* **Listed records**:
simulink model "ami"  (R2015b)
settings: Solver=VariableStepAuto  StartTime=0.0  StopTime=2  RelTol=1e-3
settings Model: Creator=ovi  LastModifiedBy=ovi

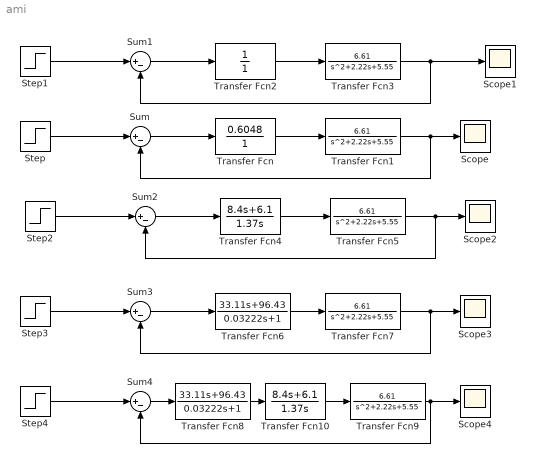
== system ami ==
  Scope{,1..4} (5 alike) : Scope
  Step : Step  SampleTime=0
  Step1 : Step  SampleTime=0
  Step2 : Step  SampleTime=0
  Step3 : Step  Time=0.5  SampleTime=0
  Step4 : Step  Time=0.5  SampleTime=0
  Sum{,1..4} (5 alike) : Sum  Inputs=|+-
  Transfer Fcn : TransferFcn  Numerator=[0.6048]  Denominator=[1]
  Transfer Fcn{1,3,5,7,9} (5 alike) : TransferFcn  Numerator=[6.61]  Denominator=[1 2.22 5.55]
  Transfer Fcn10 : TransferFcn  Numerator=[8.4 6.1]  Denominator=[1.37 0]
  Transfer Fcn2 : TransferFcn  Denominator=[1]
  Transfer Fcn4 : TransferFcn  Numerator=[8.4 6.1]  Denominator=[1.37 0]
  Transfer Fcn6 : TransferFcn  Numerator=[33.11 96.43]  Denominator=[0.03222 1]
  Transfer Fcn8 : TransferFcn  Numerator=[33.11 96.43]  Denominator=[0.03222 1]
  wires:
  Transfer Fcn/1 -> Transfer Fcn1/1
  Step/1 -> Sum/1
  Sum/1 -> Transfer Fcn/1
  Transfer Fcn1/1 -> Sum/2, Scope/1
  Transfer Fcn2/1 -> Transfer Fcn3/1
  Step1/1 -> Sum1/1
  Sum1/1 -> Transfer Fcn2/1
  Transfer Fcn3/1 -> Sum1/2, Scope1/1
  Transfer Fcn4/1 -> Transfer Fcn5/1
  Step2/1 -> Sum2/1
  Sum2/1 -> Transfer Fcn4/1
  Transfer Fcn5/1 -> Sum2/2, Scope2/1
  Transfer Fcn6/1 -> Transfer Fcn7/1
  Step3/1 -> Sum3/1
  Sum3/1 -> Transfer Fcn6/1
  Transfer Fcn7/1 -> Sum3/2, Scope3/1
  Transfer Fcn8/1 -> Transfer Fcn10/1
  Step4/1 -> Sum4/1
  Sum4/1 -> Transfer Fcn8/1
  Transfer Fcn9/1 -> Sum4/2, Scope4/1
  Transfer Fcn10/1 -> Transfer Fcn9/1
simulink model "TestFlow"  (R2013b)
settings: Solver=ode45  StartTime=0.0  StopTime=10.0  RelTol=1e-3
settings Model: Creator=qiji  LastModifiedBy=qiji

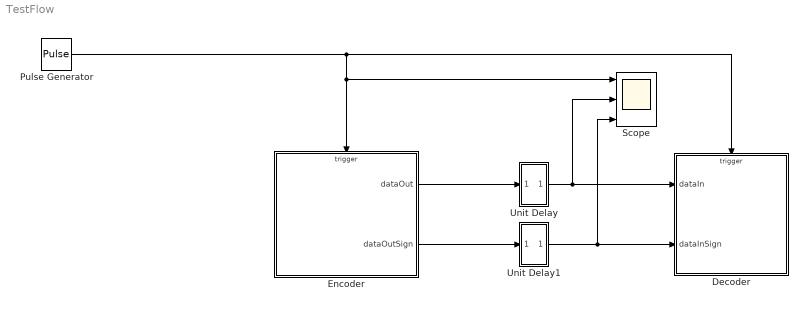
== system TestFlow ==
  Decoder : Stateflow chart  TreatAsAtomicUnit=on
  Encoder : Stateflow chart  TreatAsAtomicUnit=on
  Pulse Generator : DiscretePulseGenerator  PulseType=Time based  Period=0.1  PulseWidth=50
  Scope : Scope  NumInputPorts=3
      settings: TimeRange=10  YMin=0.95~-1~-5  YMax=1.05~1~5
  Unit Delay : Subsystem
  Unit Delay1 : Subsystem
  wires:
  Pulse Generator/1 -> Decoder/Trigger, Encoder/Trigger, Scope/1
  Encoder/1(dataOut) -> Unit Delay/1(In1)
  Encoder/2(dataOutSign) -> Unit Delay1/1(In1)
  Unit Delay/1(Out1) -> Scope/2, Decoder/1(dataIn)
  Unit Delay1/1(Out1) -> Scope/3, Decoder/2(dataInSign)

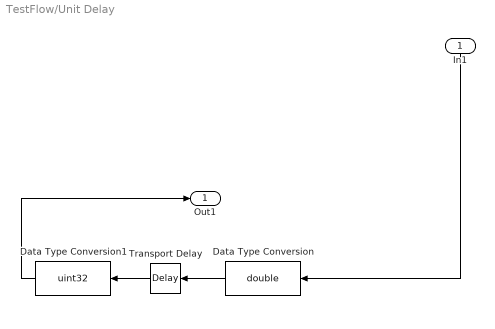
== system TestFlow/Unit Delay ==
  In1 : Inport
  Data Type Conversion : DataTypeConversion  OutDataTypeStr=double
  Data Type Conversion1 : DataTypeConversion  OutDataTypeStr=uint32
  Transport Delay : TransportDelay  DelayTime=1e-7
  Out1 : Outport
  wires:
  In1/1 -> Data Type Conversion/1
  Data Type Conversion/1 -> Transport Delay/1
  Transport Delay/1 -> Data Type Conversion1/1
  Data Type Conversion1/1 -> Out1/1

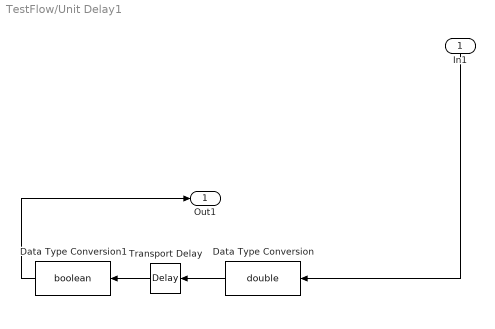
== system TestFlow/Unit Delay1 ==
  In1 : Inport
  Data Type Conversion : DataTypeConversion  OutDataTypeStr=double
  Data Type Conversion1 : DataTypeConversion  OutDataTypeStr=boolean
  Transport Delay : TransportDelay  DelayTime=1e-7
  Out1 : Outport
  wires:
  In1/1 -> Data Type Conversion/1
  Data Type Conversion/1 -> Transport Delay/1
  Transport Delay/1 -> Data Type Conversion1/1
  Data Type Conversion1/1 -> Out1/1

== stateflow chart TestFlow/Encoder ==
  state Encoding [parallel]
    settings: executionOrder=1
    state trans
      entry:
      count = 0;
      trans -> trans [order 1] : CLK
          | {
          | dataOut = bitoperate.getbit(input);
          | input = bitoperate.shiftbit(input, 1);
          | count++;
          | }
    state start
    (default) -> start : {
        | init()
        | }
    trans -> start [order 1] : [count == 32]
        | {
        | dataOut = 0;
        | bufferIndex++;
        | dataOutSign = false;
        | }
    start -> trans [order 2] : CLK
        | {
        | input = bitoperate.ManchesterEncoding(buffer[bufferIndex]);
        | dataOutSign = true;
        | }
    start -> Encoding [order 1] : [bufferIndex==bufferSize+1]
  state init [function]
    (default) -> (junction 65) : {
        | buffer[1]=36864;
        | buffer[2]=32768;
        | bufferSize=2;
        | bufferIndex=1;
        | }
  state bitoperate [group]
  data: num function_input uint32; r function_output uint32; data function_input uint32; num function_input uint32; r function_output uint32; data function_input uint32; r function_output uint32; dataOut output uint32; input local uint32; count local double; buffer local uint32 size=100; bufferSize local double; bufferIndex local double; dataOutSign output boolean
  events: CLK input EITHER_EDGE_EVENT
  function r = getbit(num):
    | function r = getbit(num)
    | r = bitget(num, 32);
  function r = shiftbit(data, num):
    | function r = shiftbit(data, num)
    | r = bitshift(data, num);
    | %for i=1:cnt
    | %   r = bitset(r, i, 0);
    | %end
  function r = ManchesterEncoding(data):
    | function r = ManchesterEncoding(data)
    | r = data;
    | for i = 1:16
    |     x = bitget(data, i);
    |     if x == 0
    |         r = bitset(r, i*2-1, 1);
    |         r = bitset(r, i*2, 0);
    |     else
    |         r = bitset(r, i*2-1, 0);
    |         r = bitset(r, i*2, 1);
    |     end
    | end

== stateflow chart TestFlow/Decoder ==
  state bitoperate [group]
  state start
  state decode
    decode -> decode [order 1] : CLK
        | {
        | ans = bitoperate.shiftbit(ans, 1) + dataIn;
        | count++;
        | }
  start -> decode : [dataInSign==true]
      | {
      | ans = 0;
      | count = 0;
      | }
  (default) -> start
  decode -> start [order 1] : [count==32]
      | {
      | ans = ManchesterDecoding(ans);
      | }
  data: num function_input uint32; r function_output uint32; data function_input uint32; num function_input uint32; r function_output uint32; r function_output uint32; data function_input uint32; dataIn input uint32; ans local uint32; dataInSign input boolean; count local uint32
  events: CLK input EITHER_EDGE_EVENT
  function r = getbit(num):
    | function r = getbit(num)
    | r = bitget(num, 32);
  function r = shiftbit(data, num):
    | function r = shiftbit(data, num)
    | r = bitshift(data, num);
    | %for i=1:cnt
    | %   r = bitset(r, i, 0);
    | %end
  function r = ManchesterDecoding(data):
    | function r = ManchesterDecoding(data)
    | r = uint32(0);
    | for i = (1:2:32)
    |     x0 = bitget(data, i);
    |     x1 = bitget(data, i+1);
    |     if x0==0 && x1==1
    |         r = bitset(r, (i+1)/2, 1);
    |     else
    |         r = bitset(r, (i+1)/2, 0);
    |     end
    | end

* **Assignment**: Print the full listing above exactly. Pictures stay out of the copy.

* **Solved problem**:
simulink model "ami"  (R2015b)
settings: Solver=VariableStepAuto  StartTime=0.0  StopTime=2  RelTol=1e-3
settings Model: Creator=ovi  LastModifiedBy=ovi

== system ami ==
  Scope{,1..4} (5 alike) : Scope
  Step : Step  SampleTime=0
  Step1 : Step  SampleTime=0
  Step2 : Step  SampleTime=0
  Step3 : Step  Time=0.5  SampleTime=0
  Step4 : Step  Time=0.5  SampleTime=0
  Sum{,1..4} (5 alike) : Sum  Inputs=|+-
  Transfer Fcn : TransferFcn  Numerator=[0.6048]  Denominator=[1]
  Transfer Fcn{1,3,5,7,9} (5 alike) : TransferFcn  Numerator=[6.61]  Denominator=[1 2.22 5.55]
  Transfer Fcn10 : TransferFcn  Numerator=[8.4 6.1]  Denominator=[1.37 0]
  Transfer Fcn2 : TransferFcn  Denominator=[1]
  Transfer Fcn4 : TransferFcn  Numerator=[8.4 6.1]  Denominator=[1.37 0]
  Transfer Fcn6 : TransferFcn  Numerator=[33.11 96.43]  Denominator=[0.03222 1]
  Transfer Fcn8 : TransferFcn  Numerator=[33.11 96.43]  Denominator=[0.03222 1]
  wires:
  Transfer Fcn/1 -> Transfer Fcn1/1
  Step/1 -> Sum/1
  Sum/1 -> Transfer Fcn/1
  Transfer Fcn1/1 -> Sum/2, Scope/1
  Transfer Fcn2/1 -> Transfer Fcn3/1
  Step1/1 -> Sum1/1
  Sum1/1 -> Transfer Fcn2/1
  Transfer Fcn3/1 -> Sum1/2, Scope1/1
  Transfer Fcn4/1 -> Transfer Fcn5/1
  Step2/1 -> Sum2/1
  Sum2/1 -> Transfer Fcn4/1
  Transfer Fcn5/1 -> Sum2/2, Scope2/1
  Transfer Fcn6/1 -> Transfer Fcn7/1
  Step3/1 -> Sum3/1
  Sum3/1 -> Transfer Fcn6/1
  Transfer Fcn7/1 -> Sum3/2, Scope3/1
  Transfer Fcn8/1 -> Transfer Fcn10/1
  Step4/1 -> Sum4/1
  Sum4/1 -> Transfer Fcn8/1
  Transfer Fcn9/1 -> Sum4/2, Scope4/1
  Transfer Fcn10/1 -> Transfer Fcn9/1
simulink model "TestFlow"  (R2013b)
settings: Solver=ode45  StartTime=0.0  StopTime=10.0  RelTol=1e-3
settings Model: Creator=qiji  LastModifiedBy=qiji

== system TestFlow ==
  Decoder : Stateflow chart  TreatAsAtomicUnit=on
  Encoder : Stateflow chart  TreatAsAtomicUnit=on
  Pulse Generator : DiscretePulseGenerator  PulseType=Time based  Period=0.1  PulseWidth=50
  Scope : Scope  NumInputPorts=3
      settings: TimeRange=10  YMin=0.95~-1~-5  YMax=1.05~1~5
  Unit Delay : Subsystem
  Unit Delay1 : Subsystem
  wires:
  Pulse Generator/1 -> Decoder/Trigger, Encoder/Trigger, Scope/1
  Encoder/1(dataOut) -> Unit Delay/1(In1)
  Encoder/2(dataOutSign) -> Unit Delay1/1(In1)
  Unit Delay/1(Out1) -> Scope/2, Decoder/1(dataIn)
  Unit Delay1/1(Out1) -> Scope/3, Decoder/2(dataInSign)

== system TestFlow/Unit Delay ==
  In1 : Inport
  Data Type Conversion : DataTypeConversion  OutDataTypeStr=double
  Data Type Conversion1 : DataTypeConversion  OutDataTypeStr=uint32
  Transport Delay : TransportDelay  DelayTime=1e-7
  Out1 : Outport
  wires:
  In1/1 -> Data Type Conversion/1
  Data Type Conversion/1 -> Transport Delay/1
  Transport Delay/1 -> Data Type Conversion1/1
  Data Type Conversion1/1 -> Out1/1

== system TestFlow/Unit Delay1 ==
  In1 : Inport
  Data Type Conversion : DataTypeConversion  OutDataTypeStr=double
  Data Type Conversion1 : DataTypeConversion  OutDataTypeStr=boolean
  Transport Delay : TransportDelay  DelayTime=1e-7
  Out1 : Outport
  wires:
  In1/1 -> Data Type Conversion/1
  Data Type Conversion/1 -> Transport Delay/1
  Transport Delay/1 -> Data Type Conversion1/1
  Data Type Conversion1/1 -> Out1/1

== stateflow chart TestFlow/Encoder ==
  state Encoding [parallel]
    settings: executionOrder=1
    state trans
      entry:
      count = 0;
      trans -> trans [order 1] : CLK
          | {
          | dataOut = bitoperate.getbit(input);
          | input = bitoperate.shiftbit(input, 1);
          | count++;
          | }
    state start
    (default) -> start : {
        | init()
        | }
    trans -> start [order 1] : [count == 32]
        | {
        | dataOut = 0;
        | bufferIndex++;
        | dataOutSign = false;
        | }
    start -> trans [order 2] : CLK
        | {
        | input = bitoperate.ManchesterEncoding(buffer[bufferIndex]);
        | dataOutSign = true;
        | }
    start -> Encoding [order 1] : [bufferIndex==bufferSize+1]
  state init [function]
    (default) -> (junction 65) : {
        | buffer[1]=36864;
        | buffer[2]=32768;
        | bufferSize=2;
        | bufferIndex=1;
        | }
  state bitoperate [group]
  data: num function_input uint32; r function_output uint32; data function_input uint32; num function_input uint32; r function_output uint32; data function_input uint32; r function_output uint32; dataOut output uint32; input local uint32; count local double; buffer local uint32 size=100; bufferSize local double; bufferIndex local double; dataOutSign output boolean
  events: CLK input EITHER_EDGE_EVENT
  function r = getbit(num):
    | function r = getbit(num)
    | r = bitget(num, 32);
  function r = shiftbit(data, num):
    | function r = shiftbit(data, num)
    | r = bitshift(data, num);
    | %for i=1:cnt
    | %   r = bitset(r, i, 0);
    | %end
  function r = ManchesterEncoding(data):
    | function r = ManchesterEncoding(data)
    | r = data;
    | for i = 1:16
    |     x = bitget(data, i);
    |     if x == 0
    |         r = bitset(r, i*2-1, 1);
    |         r = bitset(r, i*2, 0);
    |     else
    |         r = bitset(r, i*2-1, 0);
    |         r = bitset(r, i*2, 1);
    |     end
    | end

== stateflow chart TestFlow/Decoder ==
  state bitoperate [group]
  state start
  state decode
    decode -> decode [order 1] : CLK
        | {
        | ans = bitoperate.shiftbit(ans, 1) + dataIn;
        | count++;
        | }
  start -> decode : [dataInSign==true]
      | {
      | ans = 0;
      | count = 0;
      | }
  (default) -> start
  decode -> start [order 1] : [count==32]
      | {
      | ans = ManchesterDecoding(ans);
      | }
  data: num function_input uint32; r function_output uint32; data function_input uint32; num function_input uint32; r function_output uint32; r function_output uint32; data function_input uint32; dataIn input uint32; ans local uint32; dataInSign input boolean; count local uint32
  events: CLK input EITHER_EDGE_EVENT
  function r = getbit(num):
    | function r = getbit(num)
    | r = bitget(num, 32);
  function r = shiftbit(data, num):
    | function r = shiftbit(data, num)
    | r = bitshift(data, num);
    | %for i=1:cnt
    | %   r = bitset(r, i, 0);
    | %end
  function r = ManchesterDecoding(data):
    | function r = ManchesterDecoding(data)
    | r = uint32(0);
    | for i = (1:2:32)
    |     x0 = bitget(data, i);
    |     x1 = bitget(data, i+1);
    |     if x0==0 && x1==1
    |         r = bitset(r, (i+1)/2, 1);
    |     else
    |         r = bitset(r, (i+1)/2, 0);
    |     end
    | end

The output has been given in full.